***** GIVEN INFORMATION
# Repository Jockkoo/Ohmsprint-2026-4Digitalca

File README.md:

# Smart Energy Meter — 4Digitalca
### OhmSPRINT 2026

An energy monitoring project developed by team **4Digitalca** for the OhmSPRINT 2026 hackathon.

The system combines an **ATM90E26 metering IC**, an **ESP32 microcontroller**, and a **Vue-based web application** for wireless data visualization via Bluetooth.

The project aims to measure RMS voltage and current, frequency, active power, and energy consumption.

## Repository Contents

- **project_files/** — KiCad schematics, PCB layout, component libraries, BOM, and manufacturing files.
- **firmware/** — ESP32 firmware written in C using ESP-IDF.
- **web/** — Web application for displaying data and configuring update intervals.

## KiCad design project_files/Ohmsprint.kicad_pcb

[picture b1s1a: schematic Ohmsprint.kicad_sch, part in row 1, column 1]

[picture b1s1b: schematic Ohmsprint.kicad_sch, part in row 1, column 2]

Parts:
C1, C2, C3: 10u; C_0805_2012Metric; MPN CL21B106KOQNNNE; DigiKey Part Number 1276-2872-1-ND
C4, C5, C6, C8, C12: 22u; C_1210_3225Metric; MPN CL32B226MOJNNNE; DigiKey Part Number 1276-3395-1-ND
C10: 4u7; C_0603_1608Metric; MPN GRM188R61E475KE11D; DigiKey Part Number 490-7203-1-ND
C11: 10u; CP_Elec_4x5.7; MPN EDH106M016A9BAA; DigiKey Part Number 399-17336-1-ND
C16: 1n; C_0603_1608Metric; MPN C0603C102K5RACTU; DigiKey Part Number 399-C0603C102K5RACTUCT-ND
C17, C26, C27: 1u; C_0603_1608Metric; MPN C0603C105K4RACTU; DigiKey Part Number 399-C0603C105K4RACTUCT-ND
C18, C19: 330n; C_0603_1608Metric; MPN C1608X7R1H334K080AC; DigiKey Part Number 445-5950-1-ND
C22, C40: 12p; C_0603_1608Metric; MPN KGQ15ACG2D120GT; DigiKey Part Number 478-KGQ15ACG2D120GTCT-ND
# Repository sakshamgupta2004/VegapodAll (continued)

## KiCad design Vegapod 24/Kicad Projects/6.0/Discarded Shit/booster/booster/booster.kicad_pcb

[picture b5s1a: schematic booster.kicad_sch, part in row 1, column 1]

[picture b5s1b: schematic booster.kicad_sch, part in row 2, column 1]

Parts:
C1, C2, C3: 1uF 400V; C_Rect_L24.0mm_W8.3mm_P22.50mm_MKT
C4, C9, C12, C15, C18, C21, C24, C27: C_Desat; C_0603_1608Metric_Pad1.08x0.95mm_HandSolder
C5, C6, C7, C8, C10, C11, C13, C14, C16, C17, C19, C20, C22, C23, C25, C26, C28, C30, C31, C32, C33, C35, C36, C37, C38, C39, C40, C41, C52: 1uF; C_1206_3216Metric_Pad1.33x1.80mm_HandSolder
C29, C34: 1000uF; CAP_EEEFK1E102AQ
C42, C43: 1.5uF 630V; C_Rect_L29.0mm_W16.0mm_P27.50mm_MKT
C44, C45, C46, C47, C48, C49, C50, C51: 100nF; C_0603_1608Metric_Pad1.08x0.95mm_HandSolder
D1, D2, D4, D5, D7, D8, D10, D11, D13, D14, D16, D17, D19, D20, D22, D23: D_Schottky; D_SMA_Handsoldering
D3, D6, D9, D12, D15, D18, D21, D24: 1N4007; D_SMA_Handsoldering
**********
INSTRUCTIONS TO FOLLOW:
Every line from the one containing "## KiCad design Vegapod" through the last line of the entries above must be output exactly. Leave the rest out.

OUTPUT OF THE EXERCISE:
## KiCad design Vegapod 24/Kicad Projects/6.0/Discarded Shit/booster/booster/booster.kicad_pcb

[picture b5s1a: schematic booster.kicad_sch, part in row 1, column 1]

[picture b5s1b: schematic booster.kicad_sch, part in row 2, column 1]

Parts:
C1, C2, C3: 1uF 400V; C_Rect_L24.0mm_W8.3mm_P22.50mm_MKT
C4, C9, C12, C15, C18, C21, C24, C27: C_Desat; C_0603_1608Metric_Pad1.08x0.95mm_HandSolder
C5, C6, C7, C8, C10, C11, C13, C14, C16, C17, C19, C20, C22, C23, C25, C26, C28, C30, C31, C32, C33, C35, C36, C37, C38, C39, C40, C41, C52: 1uF; C_1206_3216Metric_Pad1.33x1.80mm_HandSolder
C29, C34: 1000uF; CAP_EEEFK1E102AQ
C42, C43: 1.5uF 630V; C_Rect_L29.0mm_W16.0mm_P27.50mm_MKT
C44, C45, C46, C47, C48, C49, C50, C51: 100nF; C_0603_1608Metric_Pad1.08x0.95mm_HandSolder
D1, D2, D4, D5, D7, D8, D10, D11, D13, D14, D16, D17, D19, D20, D22, D23: D_Schottky; D_SMA_Handsoldering
D3, D6, D9, D12, D15, D18, D21, D24: 1N4007; D_SMA_Handsoldering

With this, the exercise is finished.